*** Block opens ***
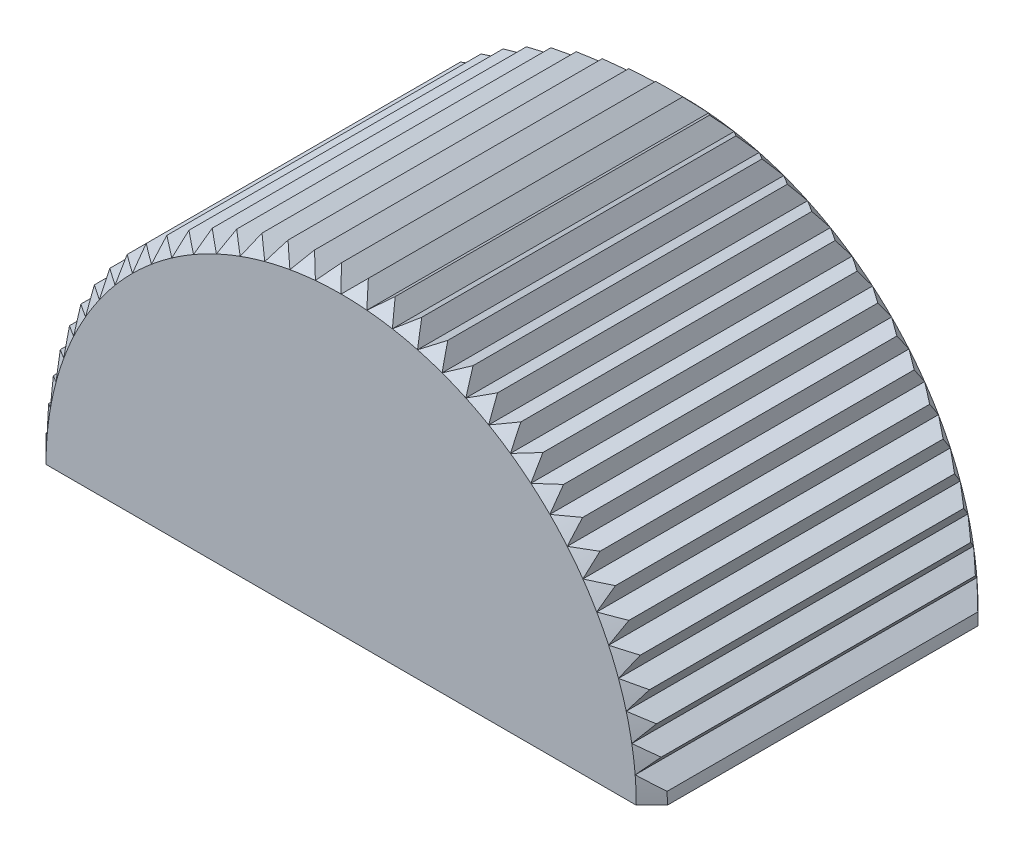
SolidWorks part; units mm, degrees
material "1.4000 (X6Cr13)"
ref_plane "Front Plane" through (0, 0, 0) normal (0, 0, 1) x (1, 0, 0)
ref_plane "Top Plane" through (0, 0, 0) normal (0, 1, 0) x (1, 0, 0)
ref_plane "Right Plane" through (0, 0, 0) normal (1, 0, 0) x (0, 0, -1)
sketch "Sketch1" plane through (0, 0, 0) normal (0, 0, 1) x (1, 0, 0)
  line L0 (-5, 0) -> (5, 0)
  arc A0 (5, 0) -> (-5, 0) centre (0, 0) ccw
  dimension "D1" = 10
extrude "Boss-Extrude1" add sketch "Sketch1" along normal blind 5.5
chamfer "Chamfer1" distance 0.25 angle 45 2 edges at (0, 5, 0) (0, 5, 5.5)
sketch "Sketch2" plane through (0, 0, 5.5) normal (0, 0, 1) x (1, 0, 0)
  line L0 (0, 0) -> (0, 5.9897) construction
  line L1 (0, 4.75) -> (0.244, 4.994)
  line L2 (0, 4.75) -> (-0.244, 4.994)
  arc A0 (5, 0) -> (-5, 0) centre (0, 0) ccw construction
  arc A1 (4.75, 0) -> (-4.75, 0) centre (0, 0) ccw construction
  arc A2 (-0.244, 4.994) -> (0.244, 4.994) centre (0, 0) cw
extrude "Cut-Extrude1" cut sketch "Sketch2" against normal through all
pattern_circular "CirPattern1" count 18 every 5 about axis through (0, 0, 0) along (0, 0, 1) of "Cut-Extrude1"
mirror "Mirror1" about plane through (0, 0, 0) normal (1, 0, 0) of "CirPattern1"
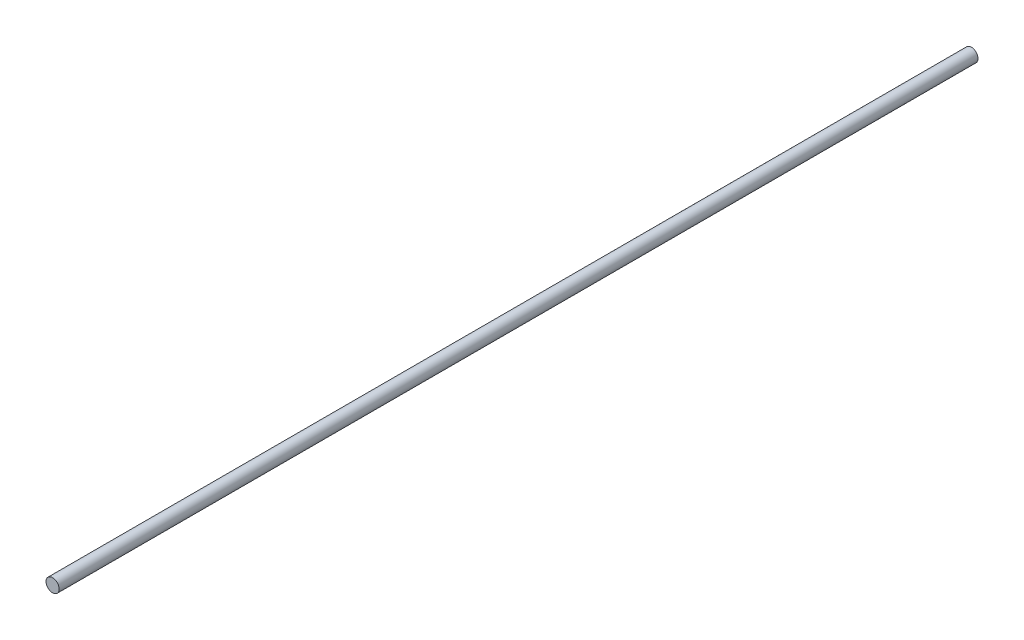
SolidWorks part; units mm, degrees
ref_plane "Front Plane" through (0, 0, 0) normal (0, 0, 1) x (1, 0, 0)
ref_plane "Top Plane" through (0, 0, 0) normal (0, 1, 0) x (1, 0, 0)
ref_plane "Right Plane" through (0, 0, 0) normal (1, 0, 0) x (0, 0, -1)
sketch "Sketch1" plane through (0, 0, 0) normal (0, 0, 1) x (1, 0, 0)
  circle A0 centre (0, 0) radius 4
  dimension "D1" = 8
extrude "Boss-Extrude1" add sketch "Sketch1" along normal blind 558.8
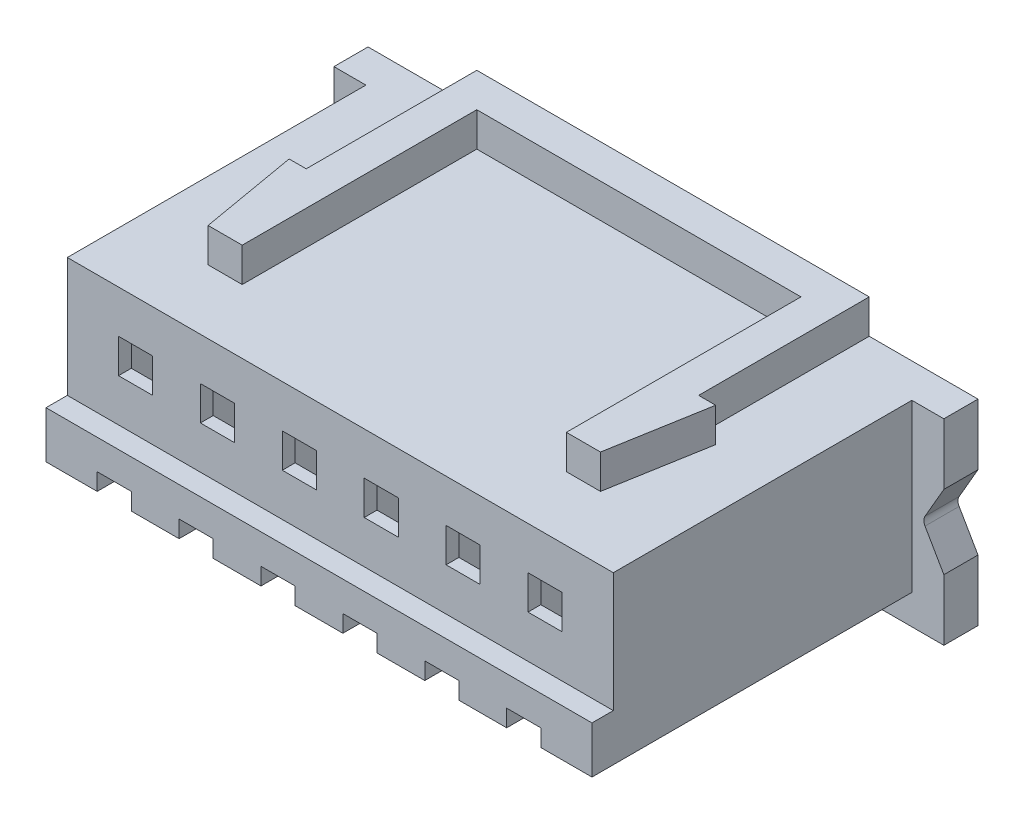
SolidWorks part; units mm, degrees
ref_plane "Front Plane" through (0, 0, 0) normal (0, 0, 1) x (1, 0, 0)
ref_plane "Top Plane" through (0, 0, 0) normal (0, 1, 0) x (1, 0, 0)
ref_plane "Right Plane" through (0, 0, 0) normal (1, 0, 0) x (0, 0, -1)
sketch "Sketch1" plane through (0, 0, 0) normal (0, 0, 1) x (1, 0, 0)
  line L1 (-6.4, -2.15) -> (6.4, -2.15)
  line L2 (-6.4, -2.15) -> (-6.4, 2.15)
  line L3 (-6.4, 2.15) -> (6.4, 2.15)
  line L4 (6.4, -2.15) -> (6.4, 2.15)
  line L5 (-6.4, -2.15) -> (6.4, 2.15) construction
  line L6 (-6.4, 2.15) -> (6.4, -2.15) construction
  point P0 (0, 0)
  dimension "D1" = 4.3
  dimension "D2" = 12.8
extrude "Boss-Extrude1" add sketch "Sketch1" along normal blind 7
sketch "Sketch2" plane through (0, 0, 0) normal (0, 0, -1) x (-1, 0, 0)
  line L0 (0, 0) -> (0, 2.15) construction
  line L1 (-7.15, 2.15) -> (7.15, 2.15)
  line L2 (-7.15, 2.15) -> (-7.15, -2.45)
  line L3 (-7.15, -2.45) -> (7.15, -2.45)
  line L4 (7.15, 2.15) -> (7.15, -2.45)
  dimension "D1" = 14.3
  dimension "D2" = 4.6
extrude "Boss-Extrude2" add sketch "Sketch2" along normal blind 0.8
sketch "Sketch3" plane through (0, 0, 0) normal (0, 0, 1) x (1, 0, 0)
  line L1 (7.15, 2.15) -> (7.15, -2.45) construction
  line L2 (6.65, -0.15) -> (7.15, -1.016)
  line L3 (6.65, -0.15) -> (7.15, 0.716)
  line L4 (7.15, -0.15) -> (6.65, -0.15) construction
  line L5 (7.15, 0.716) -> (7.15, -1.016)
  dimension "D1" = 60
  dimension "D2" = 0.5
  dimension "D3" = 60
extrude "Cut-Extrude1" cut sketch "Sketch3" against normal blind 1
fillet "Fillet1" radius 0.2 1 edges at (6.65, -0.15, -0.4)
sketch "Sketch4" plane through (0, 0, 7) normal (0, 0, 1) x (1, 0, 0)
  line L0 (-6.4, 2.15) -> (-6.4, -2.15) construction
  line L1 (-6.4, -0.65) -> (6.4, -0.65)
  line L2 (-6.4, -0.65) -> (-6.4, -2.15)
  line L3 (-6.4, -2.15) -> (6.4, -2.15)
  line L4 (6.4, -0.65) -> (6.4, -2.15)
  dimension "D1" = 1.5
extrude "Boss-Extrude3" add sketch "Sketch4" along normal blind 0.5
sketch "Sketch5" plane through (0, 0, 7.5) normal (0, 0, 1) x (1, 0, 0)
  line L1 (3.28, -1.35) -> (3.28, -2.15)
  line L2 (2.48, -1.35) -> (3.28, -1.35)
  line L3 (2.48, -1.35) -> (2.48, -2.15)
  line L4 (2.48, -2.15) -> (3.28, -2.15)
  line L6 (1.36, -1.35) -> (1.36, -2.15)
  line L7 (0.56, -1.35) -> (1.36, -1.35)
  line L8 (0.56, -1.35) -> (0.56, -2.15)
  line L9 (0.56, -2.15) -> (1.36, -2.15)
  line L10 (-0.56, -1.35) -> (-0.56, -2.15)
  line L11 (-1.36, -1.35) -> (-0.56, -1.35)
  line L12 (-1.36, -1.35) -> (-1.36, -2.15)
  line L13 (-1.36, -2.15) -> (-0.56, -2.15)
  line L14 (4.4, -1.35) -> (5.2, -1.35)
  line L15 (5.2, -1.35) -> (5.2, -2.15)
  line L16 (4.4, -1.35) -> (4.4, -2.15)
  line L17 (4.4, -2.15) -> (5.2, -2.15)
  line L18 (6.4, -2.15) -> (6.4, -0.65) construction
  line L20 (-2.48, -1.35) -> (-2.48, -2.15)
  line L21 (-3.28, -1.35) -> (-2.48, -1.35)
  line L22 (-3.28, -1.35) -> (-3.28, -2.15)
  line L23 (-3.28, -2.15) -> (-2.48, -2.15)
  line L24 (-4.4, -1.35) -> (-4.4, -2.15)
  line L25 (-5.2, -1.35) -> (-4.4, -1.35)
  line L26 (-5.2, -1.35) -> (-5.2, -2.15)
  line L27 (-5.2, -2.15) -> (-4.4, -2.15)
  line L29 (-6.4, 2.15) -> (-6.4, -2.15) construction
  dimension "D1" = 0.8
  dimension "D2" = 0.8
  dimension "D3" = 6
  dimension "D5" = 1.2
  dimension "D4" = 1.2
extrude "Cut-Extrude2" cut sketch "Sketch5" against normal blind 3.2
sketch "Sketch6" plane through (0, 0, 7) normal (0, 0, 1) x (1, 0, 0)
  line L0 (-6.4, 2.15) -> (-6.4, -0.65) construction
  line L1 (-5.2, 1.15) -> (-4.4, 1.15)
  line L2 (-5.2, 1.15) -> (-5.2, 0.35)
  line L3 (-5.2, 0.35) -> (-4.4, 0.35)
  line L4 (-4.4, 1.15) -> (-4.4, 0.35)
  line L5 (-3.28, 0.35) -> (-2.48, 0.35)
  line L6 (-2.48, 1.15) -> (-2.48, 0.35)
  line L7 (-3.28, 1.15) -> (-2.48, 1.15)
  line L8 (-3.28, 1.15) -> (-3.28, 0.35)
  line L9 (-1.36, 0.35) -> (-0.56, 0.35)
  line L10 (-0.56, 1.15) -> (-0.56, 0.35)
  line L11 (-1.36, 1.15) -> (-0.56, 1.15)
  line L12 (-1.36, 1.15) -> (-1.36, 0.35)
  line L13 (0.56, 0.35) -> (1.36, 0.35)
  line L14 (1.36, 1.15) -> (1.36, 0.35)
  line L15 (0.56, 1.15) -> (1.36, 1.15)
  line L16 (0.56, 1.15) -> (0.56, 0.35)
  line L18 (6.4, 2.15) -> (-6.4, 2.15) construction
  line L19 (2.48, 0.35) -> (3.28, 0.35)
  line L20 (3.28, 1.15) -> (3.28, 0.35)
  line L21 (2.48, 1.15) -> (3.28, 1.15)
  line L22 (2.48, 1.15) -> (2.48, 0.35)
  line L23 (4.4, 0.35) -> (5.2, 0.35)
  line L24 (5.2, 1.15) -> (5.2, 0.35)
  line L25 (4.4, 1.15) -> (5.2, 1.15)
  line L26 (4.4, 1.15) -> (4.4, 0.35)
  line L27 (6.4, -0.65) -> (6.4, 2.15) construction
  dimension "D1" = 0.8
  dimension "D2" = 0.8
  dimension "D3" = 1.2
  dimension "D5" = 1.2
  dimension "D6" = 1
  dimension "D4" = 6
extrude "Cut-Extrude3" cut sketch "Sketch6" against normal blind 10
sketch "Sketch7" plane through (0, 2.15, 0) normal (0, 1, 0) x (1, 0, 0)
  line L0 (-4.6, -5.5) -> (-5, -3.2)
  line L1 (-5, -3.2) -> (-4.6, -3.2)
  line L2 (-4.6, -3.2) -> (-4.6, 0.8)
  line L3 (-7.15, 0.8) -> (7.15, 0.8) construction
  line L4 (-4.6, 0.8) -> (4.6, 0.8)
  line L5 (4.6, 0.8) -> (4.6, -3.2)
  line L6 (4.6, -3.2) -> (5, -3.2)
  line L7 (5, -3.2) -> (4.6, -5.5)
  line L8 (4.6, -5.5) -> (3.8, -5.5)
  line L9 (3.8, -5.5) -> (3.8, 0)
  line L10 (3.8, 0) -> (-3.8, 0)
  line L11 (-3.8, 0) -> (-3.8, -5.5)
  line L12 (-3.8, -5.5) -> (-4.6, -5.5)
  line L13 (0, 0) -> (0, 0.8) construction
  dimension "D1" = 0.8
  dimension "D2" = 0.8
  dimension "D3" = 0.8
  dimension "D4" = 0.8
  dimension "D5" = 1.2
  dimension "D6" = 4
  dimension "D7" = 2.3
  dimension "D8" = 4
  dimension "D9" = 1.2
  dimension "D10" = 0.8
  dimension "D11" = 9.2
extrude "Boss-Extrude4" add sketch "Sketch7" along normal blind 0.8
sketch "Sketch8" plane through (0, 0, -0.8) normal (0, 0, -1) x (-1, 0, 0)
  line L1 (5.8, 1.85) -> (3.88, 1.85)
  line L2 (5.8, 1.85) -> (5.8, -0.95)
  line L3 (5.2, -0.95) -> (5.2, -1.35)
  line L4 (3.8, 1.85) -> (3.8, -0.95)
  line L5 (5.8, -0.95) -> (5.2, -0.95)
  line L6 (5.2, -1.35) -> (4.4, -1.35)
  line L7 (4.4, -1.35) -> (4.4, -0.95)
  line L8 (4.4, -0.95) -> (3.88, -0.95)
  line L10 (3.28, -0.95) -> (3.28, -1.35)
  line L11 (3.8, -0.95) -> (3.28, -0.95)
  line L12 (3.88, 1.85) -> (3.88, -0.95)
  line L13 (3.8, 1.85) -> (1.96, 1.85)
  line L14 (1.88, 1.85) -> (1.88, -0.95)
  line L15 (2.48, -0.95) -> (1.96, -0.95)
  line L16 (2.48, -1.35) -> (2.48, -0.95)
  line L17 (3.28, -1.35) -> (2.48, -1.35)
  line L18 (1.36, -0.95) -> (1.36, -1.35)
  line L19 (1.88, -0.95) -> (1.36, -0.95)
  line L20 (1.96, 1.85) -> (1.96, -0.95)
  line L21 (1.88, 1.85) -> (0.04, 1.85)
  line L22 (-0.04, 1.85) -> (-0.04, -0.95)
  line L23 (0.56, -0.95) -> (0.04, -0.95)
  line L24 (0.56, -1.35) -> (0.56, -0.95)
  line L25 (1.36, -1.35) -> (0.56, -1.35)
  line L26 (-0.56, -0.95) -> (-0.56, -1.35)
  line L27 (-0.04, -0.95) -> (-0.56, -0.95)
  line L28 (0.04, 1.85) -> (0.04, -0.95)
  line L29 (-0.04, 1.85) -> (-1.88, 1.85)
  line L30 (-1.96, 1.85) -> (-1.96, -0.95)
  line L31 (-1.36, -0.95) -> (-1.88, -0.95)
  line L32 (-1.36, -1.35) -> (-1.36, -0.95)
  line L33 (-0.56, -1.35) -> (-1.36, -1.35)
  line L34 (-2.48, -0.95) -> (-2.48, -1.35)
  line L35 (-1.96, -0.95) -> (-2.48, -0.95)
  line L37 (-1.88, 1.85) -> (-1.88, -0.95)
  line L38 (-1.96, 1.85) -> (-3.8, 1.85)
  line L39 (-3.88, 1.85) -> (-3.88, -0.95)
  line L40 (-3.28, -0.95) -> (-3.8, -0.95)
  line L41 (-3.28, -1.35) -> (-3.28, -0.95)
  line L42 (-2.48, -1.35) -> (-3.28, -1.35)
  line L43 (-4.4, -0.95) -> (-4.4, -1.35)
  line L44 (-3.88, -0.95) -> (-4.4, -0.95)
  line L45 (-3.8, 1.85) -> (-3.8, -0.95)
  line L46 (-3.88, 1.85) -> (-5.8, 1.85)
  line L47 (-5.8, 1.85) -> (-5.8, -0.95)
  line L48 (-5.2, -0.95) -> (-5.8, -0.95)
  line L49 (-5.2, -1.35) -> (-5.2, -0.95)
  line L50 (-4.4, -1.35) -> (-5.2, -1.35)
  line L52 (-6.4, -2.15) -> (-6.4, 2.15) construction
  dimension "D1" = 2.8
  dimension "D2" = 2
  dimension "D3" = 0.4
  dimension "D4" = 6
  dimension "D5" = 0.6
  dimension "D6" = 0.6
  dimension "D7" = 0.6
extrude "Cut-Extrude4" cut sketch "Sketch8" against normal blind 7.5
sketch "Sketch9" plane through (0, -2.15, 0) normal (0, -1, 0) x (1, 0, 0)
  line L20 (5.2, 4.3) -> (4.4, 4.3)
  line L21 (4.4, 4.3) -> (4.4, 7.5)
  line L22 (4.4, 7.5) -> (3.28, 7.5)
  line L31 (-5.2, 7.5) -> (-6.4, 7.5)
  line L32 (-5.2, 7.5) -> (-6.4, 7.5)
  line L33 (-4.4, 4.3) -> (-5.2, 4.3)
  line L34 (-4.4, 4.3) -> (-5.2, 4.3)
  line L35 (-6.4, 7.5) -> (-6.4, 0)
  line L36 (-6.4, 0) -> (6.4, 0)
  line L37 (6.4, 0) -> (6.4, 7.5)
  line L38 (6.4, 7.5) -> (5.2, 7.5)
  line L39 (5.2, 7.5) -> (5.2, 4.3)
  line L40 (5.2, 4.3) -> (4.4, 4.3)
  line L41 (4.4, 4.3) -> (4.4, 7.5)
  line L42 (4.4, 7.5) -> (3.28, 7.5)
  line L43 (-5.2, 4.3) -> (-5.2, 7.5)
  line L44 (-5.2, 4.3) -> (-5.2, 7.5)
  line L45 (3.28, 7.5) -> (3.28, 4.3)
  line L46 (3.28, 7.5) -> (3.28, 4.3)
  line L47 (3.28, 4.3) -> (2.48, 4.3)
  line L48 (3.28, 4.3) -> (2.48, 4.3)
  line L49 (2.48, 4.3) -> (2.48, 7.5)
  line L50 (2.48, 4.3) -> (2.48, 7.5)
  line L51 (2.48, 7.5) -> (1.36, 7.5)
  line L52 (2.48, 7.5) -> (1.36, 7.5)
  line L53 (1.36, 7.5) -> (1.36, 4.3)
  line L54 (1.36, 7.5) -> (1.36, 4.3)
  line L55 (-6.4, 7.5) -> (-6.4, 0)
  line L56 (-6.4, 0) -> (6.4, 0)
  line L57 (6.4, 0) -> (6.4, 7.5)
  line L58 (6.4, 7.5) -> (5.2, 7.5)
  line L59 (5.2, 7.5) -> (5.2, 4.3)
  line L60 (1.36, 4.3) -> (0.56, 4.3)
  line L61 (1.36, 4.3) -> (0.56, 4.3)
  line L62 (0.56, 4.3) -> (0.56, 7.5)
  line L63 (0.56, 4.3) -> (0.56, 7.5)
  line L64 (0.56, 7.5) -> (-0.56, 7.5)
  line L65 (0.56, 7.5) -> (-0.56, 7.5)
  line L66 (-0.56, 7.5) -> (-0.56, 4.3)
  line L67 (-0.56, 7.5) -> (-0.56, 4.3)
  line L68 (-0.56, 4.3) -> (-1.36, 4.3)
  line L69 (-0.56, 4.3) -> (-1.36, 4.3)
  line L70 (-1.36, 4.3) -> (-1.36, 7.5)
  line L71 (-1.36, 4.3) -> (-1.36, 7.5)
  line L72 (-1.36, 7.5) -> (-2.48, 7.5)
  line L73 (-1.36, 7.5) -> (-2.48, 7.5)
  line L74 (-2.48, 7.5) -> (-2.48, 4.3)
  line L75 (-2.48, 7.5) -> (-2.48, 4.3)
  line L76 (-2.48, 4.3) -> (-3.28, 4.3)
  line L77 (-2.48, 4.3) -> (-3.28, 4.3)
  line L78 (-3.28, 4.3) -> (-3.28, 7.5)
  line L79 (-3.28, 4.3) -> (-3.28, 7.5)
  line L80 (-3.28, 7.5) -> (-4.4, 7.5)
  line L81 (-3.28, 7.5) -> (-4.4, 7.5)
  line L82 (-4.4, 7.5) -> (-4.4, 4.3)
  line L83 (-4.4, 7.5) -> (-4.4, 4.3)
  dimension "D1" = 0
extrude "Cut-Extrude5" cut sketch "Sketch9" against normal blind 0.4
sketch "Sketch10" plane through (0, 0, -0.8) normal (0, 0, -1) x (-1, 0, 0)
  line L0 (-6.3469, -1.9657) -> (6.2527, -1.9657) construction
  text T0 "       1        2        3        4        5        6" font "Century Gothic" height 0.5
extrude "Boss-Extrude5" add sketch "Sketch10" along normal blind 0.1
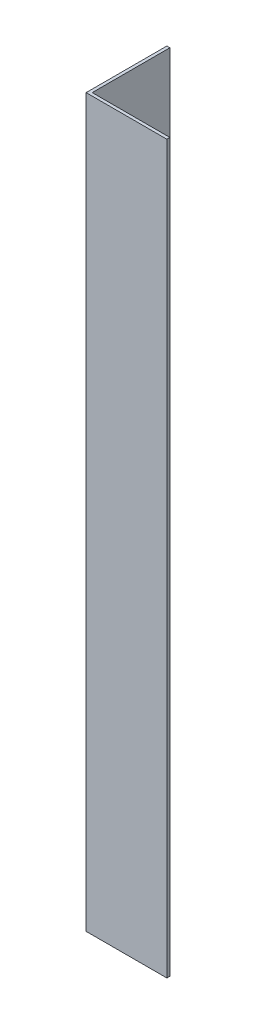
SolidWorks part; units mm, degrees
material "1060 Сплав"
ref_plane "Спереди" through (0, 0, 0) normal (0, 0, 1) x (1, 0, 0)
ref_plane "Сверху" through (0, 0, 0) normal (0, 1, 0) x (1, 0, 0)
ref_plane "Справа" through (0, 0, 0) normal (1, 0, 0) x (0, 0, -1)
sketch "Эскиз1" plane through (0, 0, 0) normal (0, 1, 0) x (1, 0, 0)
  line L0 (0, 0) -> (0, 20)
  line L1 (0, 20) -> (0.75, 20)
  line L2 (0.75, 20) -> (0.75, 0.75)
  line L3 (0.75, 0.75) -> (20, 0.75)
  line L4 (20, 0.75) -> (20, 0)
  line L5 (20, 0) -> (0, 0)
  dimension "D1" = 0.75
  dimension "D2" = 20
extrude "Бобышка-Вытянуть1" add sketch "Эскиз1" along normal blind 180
*** Block closes ***
The listing above holds a line with "line L9 (0.56, -2.15) -> (1.36, -2.15)" and a line with "line L14 (4.4, -1.35) -> (5.2, -1.35)". Print the stretch from the first through the second, exactly and alone.

Output of the exercise:
  line L9 (0.56, -2.15) -> (1.36, -2.15)
  line L10 (-0.56, -1.35) -> (-0.56, -2.15)
  line L11 (-1.36, -1.35) -> (-0.56, -1.35)
  line L12 (-1.36, -1.35) -> (-1.36, -2.15)
  line L13 (-1.36, -2.15) -> (-0.56, -2.15)
  line L14 (4.4, -1.35) -> (5.2, -1.35)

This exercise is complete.